*** Opening of SOURCE INFORMATION ***

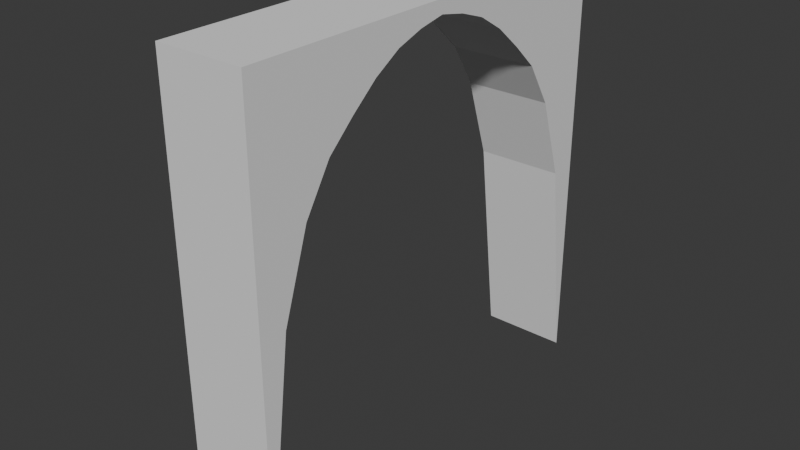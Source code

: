 # Source: arch.blend  (saved by Blender 4.2.66; exported with 4.5.12 LTS)
import bpy
from mathutils import Matrix  # noqa: F401  (used for matrix-valued properties, if any)

bpy.ops.wm.read_factory_settings(use_empty=True)
scene = bpy.context.scene
scene.name = 'Scene'

# ---- collections
col_collection = bpy.data.collections.new('Collection'); scene.collection.children.link(col_collection)

# ---- node groups
ng_smooth_by_angle = bpy.data.node_groups.new('Smooth by Angle', 'GeometryNodeTree')
_s = ng_smooth_by_angle.interface.new_socket(name='Mesh', in_out='OUTPUT', socket_type='NodeSocketGeometry')
_s = ng_smooth_by_angle.interface.new_socket(name='Mesh', in_out='INPUT', socket_type='NodeSocketGeometry')
_s = ng_smooth_by_angle.interface.new_socket(name='Angle', in_out='INPUT', socket_type='NodeSocketFloat')
_s.subtype = 'ANGLE'
_s.default_value = 0.5236
_s.min_value = 0.0
_s.max_value = 3.142
_s.description = 'Maximum face angle for smooth edges'
_s = ng_smooth_by_angle.interface.new_socket(name='Ignore Sharpness', in_out='INPUT', socket_type='NodeSocketBool')
_s.force_non_field = True
ng_smooth_by_angle.description = 'Set the sharpness of mesh edges based on the angle between the neighboring faces'
ng_smooth_by_angle.is_modifier = True
_N = ng_smooth_by_angle.nodes; _L = ng_smooth_by_angle.links
n0 = _N.new('GeometryNodeSetShadeSmooth'); n0.name = 'Set Shade Smooth'; n0.location = (120, -80)
n0.domain = 'EDGE'
n1 = _N.new('GeometryNodeSetShadeSmooth'); n1.name = 'Set Shade Smooth.001'; n1.location = (300, -80)
n2 = _N.new('NodeGroupOutput'); n2.name = 'Group Output'; n2.location = (480, -80)
n3 = _N.new('GeometryNodeInputMeshEdgeAngle'); n3.name = 'Edge Angle'; n3.location = (-440, -240)
n4 = _N.new('NodeGroupInput'); n4.name = 'Group Input'; n4.location = (-80, -80)
n5 = _N.new('GeometryNodeInputEdgeSmooth'); n5.name = 'Is Edge Smooth'; n5.location = (-260, -120)
n6 = _N.new('GeometryNodeInputShadeSmooth'); n6.name = 'Is Shade Smooth'; n6.location = (-440, -397)
n7 = _N.new('FunctionNodeCompare'); n7.name = 'Compare'; n7.location = (-260, -260)
n7.operation = 'LESS_EQUAL'
n7.inputs[6].default_value = (0.0, 0.0, 0.0, 0.0)
n7.inputs[7].default_value = (0.0, 0.0, 0.0, 0.0)
n8 = _N.new('FunctionNodeBooleanMath'); n8.name = 'Boolean Math.001'; n8.location = (-80, -260)
n9 = _N.new('NodeGroupInput'); n9.name = 'Group Input.001'; n9.location = (-440, -329)
n10 = _N.new('NodeGroupInput'); n10.name = 'Group Input.002'; n10.location = (-259, -189)
n11 = _N.new('FunctionNodeBooleanMath'); n11.name = 'Boolean Math'; n11.location = (-80, -149)
n11.operation = 'OR'
n12 = _N.new('FunctionNodeBooleanMath'); n12.name = 'Boolean Math.002'; n12.location = (-260, -380)
n12.operation = 'OR'
n13 = _N.new('NodeGroupInput'); n13.name = 'Group Input.003'; n13.location = (-440, -460)
_L.new(n3.outputs[0], n7.inputs[0])
_L.new(n1.outputs[0], n2.inputs[0])
_L.new(n9.outputs[1], n7.inputs[1])
_L.new(n7.outputs[0], n8.inputs[0])
_L.new(n4.outputs[0], n0.inputs[0])
_L.new(n0.outputs[0], n1.inputs[0])
_L.new(n8.outputs[0], n0.inputs[2])
_L.new(n10.outputs[2], n11.inputs[1])
_L.new(n5.outputs[0], n11.inputs[0])
_L.new(n11.outputs[0], n0.inputs[1])
_L.new(n13.outputs[2], n12.inputs[1])
_L.new(n6.outputs[0], n12.inputs[0])
_L.new(n12.outputs[0], n8.inputs[1])
n2.is_active_output = True

# ---- world
world_world = bpy.data.worlds.new('World'); scene.world = world_world
world_world.use_nodes = True; world_world.node_tree.nodes.clear()
_N = world_world.node_tree.nodes; _L = world_world.node_tree.links
n0 = _N.new('ShaderNodeOutputWorld'); n0.name = 'World Output'; n0.location = (300, 300)
n1 = _N.new('ShaderNodeBackground'); n1.name = 'Background'; n1.location = (10, 300)
n1.inputs[0].default_value = (0.05088, 0.05088, 0.05088, 1.0)
_L.new(n1.outputs[0], n0.inputs[0])
n0.is_active_output = True
world_world.color = (0.05088, 0.05088, 0.05088)
world_world.sun_shadow_jitter_overblur = 0.0

# ---- meshes
me_cube = bpy.data.meshes.new('Cube')
me_cube.from_pydata([(-1.0, -1.0, -1.0), (-1.0, -1.0, 1.0), (-1.0, 1.0, -1.0), (-1.0, 1.0, 1.0), (1.0, -1.0, -1.0), (1.0, -1.0, 1.0), (1.0, 1.0, -1.0), (1.0, 1.0, 1.0), (1.0, 0.0, 0.9393), (-1.0, 0.0, 0.9393), (1.0, 0.5, 0.6915), (1.0, 0.75, 0.3717), (1.0, 0.25, 0.8722), (1.0, 0.875, -0.01056), (1.0, 0.375, 0.7965), (1.0, 0.625, 0.5745), (1.0, 0.125, 0.9148), (-1.0, 0.5, 0.6915), (-1.0, 0.25, 0.8722), (-1.0, 0.75, 0.3717), (-1.0, 0.125, 0.9148), (-1.0, 0.625, 0.5745), (-1.0, 0.375, 0.7965), (-1.0, 0.875, -0.01056), (1.0, -0.5, 0.6915), (1.0, -0.25, 0.8722), (1.0, -0.75, 0.3717), (1.0, -0.125, 0.9148), (1.0, -0.625, 0.5745), (1.0, -0.375, 0.7965), (1.0, -0.875, -0.01056), (-1.0, -0.5, 0.6915), (-1.0, -0.75, 0.3717), (-1.0, -0.25, 0.8722), (-1.0, -0.875, -0.01056), (-1.0, -0.375, 0.7965), (-1.0, -0.625, 0.5745), (-1.0, -0.125, 0.9148)], [], [(0, 1, 3, 2, 23, 19, 21, 17, 22, 18, 20, 9, 37, 33, 35, 31, 36, 32, 34), (2, 3, 7, 6), (6, 7, 5, 4, 30, 26, 28, 24, 29, 25, 27, 8, 16, 12, 14, 10, 15, 11, 13), (4, 5, 1, 0), (2, 6, 13, 11, 15, 10, 14, 12, 16, 8, 27, 25, 29, 24, 28, 26, 30, 4, 0, 34, 32, 36, 31, 35, 33, 37, 9, 20, 18, 22, 17, 21, 19, 23), (7, 3, 1, 5)])
me_cube.polygons.foreach_set('use_smooth', [True] * 6)
_uv = me_cube.uv_layers.new(name='UVMap')
_uv.uv.foreach_set('vector', [0.375, 0.0, 0.625, 0.0, 0.625, 0.25, 0.375, 0.25, 0.375, 0.2344, 0.375, 0.2188, 0.375, 0.2031, 0.375, 0.1875, 0.375, 0.1719, 0.375, 0.1562, 0.375, 0.1406, 0.375, 0.125, 0.375, 0.1094, 0.375, 0.09375, 0.375, 0.07812, 0.375, 0.0625, 0.375, 0.04688, 0.375, 0.03125, 0.375, 0.01562, 0.375, 0.25, 0.625, 0.25, 0.625, 0.5, 0.375, 0.5, 0.375, 0.5, 0.625, 0.5, 0.625, 0.75, 0.375, 0.75, 0.375, 0.7344, 0.375, 0.7188, 0.375, 0.7031, 0.375, 0.6875, 0.375, 0.6719, 0.375, 0.6562, 0.375, 0.6406, 0.375, 0.625, 0.375, 0.6094, 0.375, 0.5938, 0.375, 0.5781, 0.375, 0.5625, 0.375, 0.5469, 0.375, 0.5312, 0.375, 0.5156, 0.375, 0.75, 0.625, 0.75, 0.625, 1.0, 0.375, 1.0, 0.125, 0.5, 0.375, 0.5, 0.375, 0.5156, 0.375, 0.5312, 0.375, 0.5469, 0.375, 0.5625, 0.375, 0.5781, 0.375, 0.5938, 0.375, 0.6094, 0.375, 0.625, 0.375, 0.6406, 0.375, 0.6562, 0.375, 0.6719, 0.375, 0.6875, 0.375, 0.7031, 0.375, 0.7188, 0.375, 0.7344, 0.375, 0.75, 0.125, 0.75, 0.125, 0.7344, 0.125, 0.7188, 0.125, 0.7031, 0.125, 0.6875, 0.125, 0.6719, 0.125, 0.6562, 0.125, 0.6406, 0.125, 0.625, 0.125, 0.6094, 0.125, 0.5938, 0.125, 0.5781, 0.125, 0.5625, 0.125, 0.5469, 0.125, 0.5312, 0.125, 0.5156, 0.625, 0.5, 0.875, 0.5, 0.875, 0.75, 0.625, 0.75])
me_cube.update()

# ---- objects
ob_cube = bpy.data.objects.new('Cube', me_cube)

# ---- transforms, parenting, visibility, modifiers, constraints
ob_cube.location = (0.0, 0.0, 5.0)
ob_cube.scale = (1.0, 4.9, 4.9)
_m = ob_cube.modifiers.new('Smooth by Angle', 'NODES')
_m.node_group = ng_smooth_by_angle
_m.use_pin_to_last = True
_m.show_group_selector = False

# ---- collection membership
col_collection.objects.link(ob_cube)

# ---- scene / render settings (as saved in the file)
scene.frame_start = 1; scene.frame_end = 250; scene.frame_set(1)
scene.render.engine = 'BLENDER_EEVEE_NEXT'
bpy.context.view_layer.update()

# ---- added for rendering (the .blend has no active camera and no usable light): camera, sun
cam_auto = bpy.data.cameras.new('AutoCamera')
cam_auto.lens = 50.0
cam_auto.sensor_width = 36.0
cam_auto.clip_end = 1000.0
ob_auto_camera = bpy.data.objects.new('AutoCamera', cam_auto)
scene.collection.objects.link(ob_auto_camera)
ob_auto_camera.location = (12.9558, -15.5469, 15.3646)
ob_auto_camera.rotation_euler = (1.09748, -7.21219e-08, 0.694738)
scene.camera = ob_auto_camera
light_auto_sun = bpy.data.lights.new('AutoSun', 'SUN')
light_auto_sun.energy = 3.0
light_auto_sun.angle = 0.0523599
ob_auto_sun = bpy.data.objects.new('AutoSun', light_auto_sun)
scene.collection.objects.link(ob_auto_sun)
ob_auto_sun.rotation_euler = (0.872665, 0.174533, 0.523599)
bpy.context.view_layer.update()

*** Close of SOURCE INFORMATION ***

# [GOAL OF THE EXERCISE]
Please give back, exactly as it stands above, the stretch from the line with "n3 = _N.new('GeometryNodeInputMeshEdgeAngle');" through the line with "n6 = _N.new('GeometryNodeInputShadeSmooth');", and no line outside it.

# [SOLUTION BELOW]
n3 = _N.new('GeometryNodeInputMeshEdgeAngle'); n3.name = 'Edge Angle'; n3.location = (-440, -240)
n4 = _N.new('NodeGroupInput'); n4.name = 'Group Input'; n4.location = (-80, -80)
n5 = _N.new('GeometryNodeInputEdgeSmooth'); n5.name = 'Is Edge Smooth'; n5.location = (-260, -120)
n6 = _N.new('GeometryNodeInputShadeSmooth'); n6.name = 'Is Shade Smooth'; n6.location = (-440, -397)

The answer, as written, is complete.